We are urged by AIGA and the Graphic Artists Guild not to work on speculation, not to pirate software programs or type fonts and to consider the implications of signing Work for Hire agreements. But how bad is it to do any of these things? Since no one discusses both sides openly, designers, who may well have ‘sinned’ themselves, just get hot under the collar when they hear someone else has broken the code of honor. Brad Weed at Microsoft, who was a designer/design manager until recently says its all too hush-hush. “People can’t even debate these issues. People may have risen to the top by working on spec. Yet we give them medals.” Weed suggests if designers could just relax and say, ‘Here are the internal conflicts I have about this.

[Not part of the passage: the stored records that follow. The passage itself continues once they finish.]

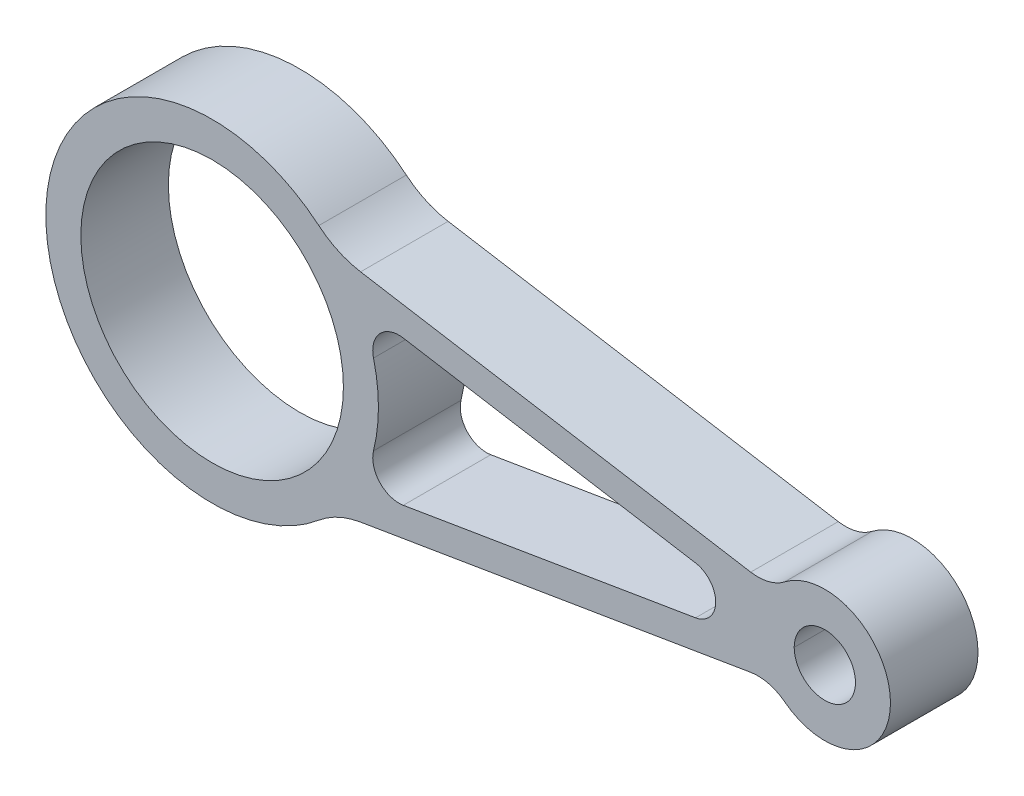
ISO-10303-21;
HEADER;
FILE_DESCRIPTION(('STEP AP214'),'2;1');
FILE_NAME('part.step','',(''),(''),'','','');
FILE_SCHEMA(('AUTOMOTIVE_DESIGN { 1 0 10303 214 1 1 1 1 }'));
ENDSEC;
DATA;
#1=APPLICATION_CONTEXT('core data for automotive mechanical design processes');
#2=APPLICATION_PROTOCOL_DEFINITION('international standard','automotive_design',2000,#1);
#3=PRODUCT_CONTEXT('',#1,'mechanical');
#4=PRODUCT('Part','Part','',(#3));
#5=PRODUCT_RELATED_PRODUCT_CATEGORY('part','',(#4));
#6=PRODUCT_DEFINITION_FORMATION('','',#4);
#7=PRODUCT_DEFINITION_CONTEXT('part definition',#1,'design');
#8=PRODUCT_DEFINITION('design','',#6,#7);
#9=PRODUCT_DEFINITION_SHAPE('','',#8);
#10=(LENGTH_UNIT() NAMED_UNIT(*) SI_UNIT(.MILLI.,.METRE.));
#11=(NAMED_UNIT(*) PLANE_ANGLE_UNIT() SI_UNIT($,.RADIAN.));
#12=(NAMED_UNIT(*) SI_UNIT($,.STERADIAN.) SOLID_ANGLE_UNIT());
#13=UNCERTAINTY_MEASURE_WITH_UNIT(LENGTH_MEASURE(1.E-05),#10,'distance_accuracy_value','');
#14=(GEOMETRIC_REPRESENTATION_CONTEXT(3) GLOBAL_UNCERTAINTY_ASSIGNED_CONTEXT((#13)) GLOBAL_UNIT_ASSIGNED_CONTEXT((#10,
#11,#12)) REPRESENTATION_CONTEXT('',''));
#15=CARTESIAN_POINT('',(0.,0.,0.));
#16=DIRECTION('',(0.,0.,1.));
#17=DIRECTION('',(1.,0.,0.));
#18=AXIS2_PLACEMENT_3D('',#15,#16,#17);
#19=CARTESIAN_POINT('',(140.,0.,10.));
#20=DIRECTION('',(0.,0.,-1.));
#21=DIRECTION('',(-1.,0.,0.));
#22=AXIS2_PLACEMENT_3D('',#19,#20,#21);
#23=CYLINDRICAL_SURFACE('',#22,7.00000000000001);
#24=CARTESIAN_POINT('',(140.,0.,10.));
#25=DIRECTION('',(0.,0.,1.));
#26=DIRECTION('',(1.,0.,0.));
#27=AXIS2_PLACEMENT_3D('',#24,#25,#26);
#28=CIRCLE('',#27,7.00000000000001);
#29=CARTESIAN_POINT('',(133.,0.,10.));
#30=VERTEX_POINT('',#29);
#31=CARTESIAN_POINT('',(147.,0.,10.));
#32=VERTEX_POINT('',#31);
#33=EDGE_CURVE('E211',#30,#32,#28,.T.);
#34=ORIENTED_EDGE('',*,*,#33,.T.);
#35=DIRECTION('',(0.,0.,-1.));
#36=VECTOR('',#35,1.);
#37=CARTESIAN_POINT('',(147.,0.,10.));
#38=LINE('',#37,#36);
#39=CARTESIAN_POINT('',(147.,0.,-10.));
#40=VERTEX_POINT('',#39);
#41=EDGE_CURVE('E11',#32,#40,#38,.T.);
#42=ORIENTED_EDGE('',*,*,#41,.T.);
#43=CARTESIAN_POINT('',(140.,0.,-10.));
#44=DIRECTION('',(0.,0.,1.));
#45=DIRECTION('',(1.,0.,0.));
#46=AXIS2_PLACEMENT_3D('',#43,#44,#45);
#47=CIRCLE('',#46,7.00000000000001);
#48=CARTESIAN_POINT('',(133.,0.,-10.));
#49=VERTEX_POINT('',#48);
#50=EDGE_CURVE('E215',#49,#40,#47,.T.);
#51=ORIENTED_EDGE('',*,*,#50,.F.);
#52=DIRECTION('',(0.,0.,1.));
#53=VECTOR('',#52,1.);
#54=CARTESIAN_POINT('',(133.,0.,10.));
#55=LINE('',#54,#53);
#56=EDGE_CURVE('E49',#49,#30,#55,.T.);
#57=ORIENTED_EDGE('',*,*,#56,.T.);
#58=EDGE_LOOP('',(#34,#42,#51,#57));
#59=FACE_BOUND('',#58,.T.);
#60=ADVANCED_FACE('F40',(#59),#23,.F.);
#61=CARTESIAN_POINT('',(0.,0.,10.));
#62=DIRECTION('',(0.,0.,1.));
#63=DIRECTION('',(1.,0.,0.));
#64=AXIS2_PLACEMENT_3D('',#61,#62,#63);
#65=PLANE('',#64);
#66=CARTESIAN_POINT('',(109.565217391304,0.,10.));
#67=DIRECTION('',(0.,0.,1.));
#68=DIRECTION('',(-1.,0.,0.));
#69=AXIS2_PLACEMENT_3D('',#66,#67,#68);
#70=CIRCLE('',#69,5.5);
#71=CARTESIAN_POINT('',(110.468788819876,-5.42527037791384,10.));
#72=VERTEX_POINT('',#71);
#73=CARTESIAN_POINT('',(110.468788819876,5.42527037791384,10.));
#74=VERTEX_POINT('',#73);
#75=EDGE_CURVE('E158',#72,#74,#70,.T.);
#76=ORIENTED_EDGE('',*,*,#75,.F.);
#77=DIRECTION('',(0.986412795984335,0.164285714285714,0.));
#78=VECTOR('',#77,1.);
#79=CARTESIAN_POINT('',(110.468788819876,-5.42527037791384,10.));
#80=LINE('',#79,#78);
#81=CARTESIAN_POINT('',(43.6823589039623,-16.5484597647463,10.));
#82=VERTEX_POINT('',#81);
#83=EDGE_CURVE('E177',#82,#72,#80,.T.);
#84=ORIENTED_EDGE('',*,*,#83,.F.);
#85=CARTESIAN_POINT('',(42.696644618248,-10.6299829888402,10.));
#86=DIRECTION('',(0.,0.,1.));
#87=DIRECTION('',(-1.,0.,0.));
#88=AXIS2_PLACEMENT_3D('',#85,#86,#87);
#89=CIRCLE('',#88,6.);
#90=CARTESIAN_POINT('',(36.8743748975778,-9.18043985399842,10.));
#91=VERTEX_POINT('',#90);
#92=EDGE_CURVE('E180',#91,#82,#89,.T.);
#93=ORIENTED_EDGE('',*,*,#92,.F.);
#94=CARTESIAN_POINT('',(0.,0.,10.));
#95=DIRECTION('',(0.,0.,-1.));
#96=DIRECTION('',(1.,0.,0.));
#97=AXIS2_PLACEMENT_3D('',#94,#95,#96);
#98=CIRCLE('',#97,38.);
#99=CARTESIAN_POINT('',(36.8743748975778,9.18043985399841,10.));
#100=VERTEX_POINT('',#99);
#101=EDGE_CURVE('E196',#100,#91,#98,.T.);
#102=ORIENTED_EDGE('',*,*,#101,.F.);
#103=CARTESIAN_POINT('',(42.696644618248,10.6299829888403,10.));
#104=DIRECTION('',(0.,0.,1.));
#105=DIRECTION('',(1.,0.,0.));
#106=AXIS2_PLACEMENT_3D('',#103,#104,#105);
#107=CIRCLE('',#106,6.);
#108=CARTESIAN_POINT('',(43.6823589039623,16.5484597647463,10.));
#109=VERTEX_POINT('',#108);
#110=EDGE_CURVE('E193',#109,#100,#107,.T.);
#111=ORIENTED_EDGE('',*,*,#110,.F.);
#112=DIRECTION('',(-0.986412795984335,0.164285714285714,0.));
#113=VECTOR('',#112,1.);
#114=CARTESIAN_POINT('',(43.6823589039623,16.5484597647463,10.));
#115=LINE('',#114,#113);
#116=EDGE_CURVE('E191',#74,#109,#115,.T.);
#117=ORIENTED_EDGE('',*,*,#116,.F.);
#118=EDGE_LOOP('',(#76,#84,#93,#102,#111,#117));
#119=FACE_BOUND('',#118,.T.);
#120=CARTESIAN_POINT('',(0.,0.,10.));
#121=DIRECTION('',(0.,0.,1.));
#122=DIRECTION('',(1.,0.,0.));
#123=AXIS2_PLACEMENT_3D('',#120,#121,#122);
#124=CIRCLE('',#123,30.);
#125=CARTESIAN_POINT('',(30.,0.,10.));
#126=VERTEX_POINT('',#125);
#127=EDGE_CURVE('E218',#126,#126,#124,.T.);
#128=ORIENTED_EDGE('',*,*,#127,.F.);
#129=EDGE_LOOP('',(#128));
#130=FACE_BOUND('',#129,.T.);
#131=CARTESIAN_POINT('',(140.,0.,10.));
#132=DIRECTION('',(0.,0.,1.));
#133=DIRECTION('',(1.,0.,0.));
#134=AXIS2_PLACEMENT_3D('',#131,#132,#133);
#135=CIRCLE('',#134,15.);
#136=CARTESIAN_POINT('',(130.826967155943,-11.8682546501942,10.));
#137=VERTEX_POINT('',#136);
#138=CARTESIAN_POINT('',(130.826967155943,11.8682546501942,10.));
#139=VERTEX_POINT('',#138);
#140=EDGE_CURVE('E231',#137,#139,#135,.T.);
#141=ORIENTED_EDGE('',*,*,#140,.T.);
#142=CARTESIAN_POINT('',(124.711611926572,19.7804244169904,10.));
#143=DIRECTION('',(0.,0.,1.));
#144=DIRECTION('',(1.,0.,0.));
#145=AXIS2_PLACEMENT_3D('',#142,#143,#144);
#146=CIRCLE('',#145,10.);
#147=CARTESIAN_POINT('',(123.068754783715,9.91629645714704,10.));
#148=VERTEX_POINT('',#147);
#149=EDGE_CURVE('E281',#139,#148,#146,.F.);
#150=ORIENTED_EDGE('',*,*,#149,.T.);
#151=DIRECTION('',(-0.986412795984335,0.164285714285714,0.));
#152=VECTOR('',#151,1.);
#153=CARTESIAN_POINT('',(27.9354736759495,25.7606154914888,10.));
#154=LINE('',#153,#152);
#155=CARTESIAN_POINT('',(33.9230677395359,24.7633898151861,10.));
#156=VERTEX_POINT('',#155);
#157=EDGE_CURVE('E234',#148,#156,#154,.T.);
#158=ORIENTED_EDGE('',*,*,#157,.T.);
#159=CARTESIAN_POINT('',(37.2087820252501,44.4916457348728,10.));
#160=DIRECTION('',(0.,0.,1.));
#161=DIRECTION('',(1.,0.,0.));
#162=AXIS2_PLACEMENT_3D('',#159,#160,#161);
#163=CIRCLE('',#162,20.);
#164=CARTESIAN_POINT('',(24.3781675337846,29.1496989297442,10.));
#165=VERTEX_POINT('',#164);
#166=EDGE_CURVE('E263',#156,#165,#163,.F.);
#167=ORIENTED_EDGE('',*,*,#166,.T.);
#168=CARTESIAN_POINT('',(0.,0.,10.));
#169=DIRECTION('',(0.,0.,1.));
#170=DIRECTION('',(1.,0.,0.));
#171=AXIS2_PLACEMENT_3D('',#168,#169,#170);
#172=CIRCLE('',#171,38.);
#173=CARTESIAN_POINT('',(24.3781675337846,-29.1496989297442,10.));
#174=VERTEX_POINT('',#173);
#175=EDGE_CURVE('E224',#165,#174,#172,.T.);
#176=ORIENTED_EDGE('',*,*,#175,.T.);
#177=CARTESIAN_POINT('',(37.2087820252502,-44.4916457348727,10.));
#178=DIRECTION('',(0.,0.,1.));
#179=DIRECTION('',(1.,0.,0.));
#180=AXIS2_PLACEMENT_3D('',#177,#178,#179);
#181=CIRCLE('',#180,20.);
#182=CARTESIAN_POINT('',(33.9230677395359,-24.763389815186,10.));
#183=VERTEX_POINT('',#182);
#184=EDGE_CURVE('E258',#174,#183,#181,.F.);
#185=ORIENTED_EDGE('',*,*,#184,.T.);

Can we discuss?’ This would be more in keeping with the culture of the profession.” By remaining less than candid, we will never advance the profession.
Bloom says, “We tend to attribute our own bad behavior to unfortunate circumstances, and the bad behavior of others to their nature.” So if we don’t ignore, or rationalize, we demonize. None of these responses does any good because it doesn’t help us understand that we are in conflict with ethics and the law. If we weren’t, wouldn’t we always do the right thing?
In a world changing at lightning speed, we need to face reality: The thing that, when you open your eyes, is still there.
The available options: Sink, swim or get out of the water.
Reality in 2010 is that we live in a world of economics: a world that expects free stuff is chock full of stuff (some awfully good, most good and some awful); a hodgepodge of people making that stuff; in a world in which there have been no new ideas ‘since the Greeks’; where clients are getting a lot for free. And where a lot of clients (and the general public) seem to be thinking this is the way it should be, how do you argue otherwise?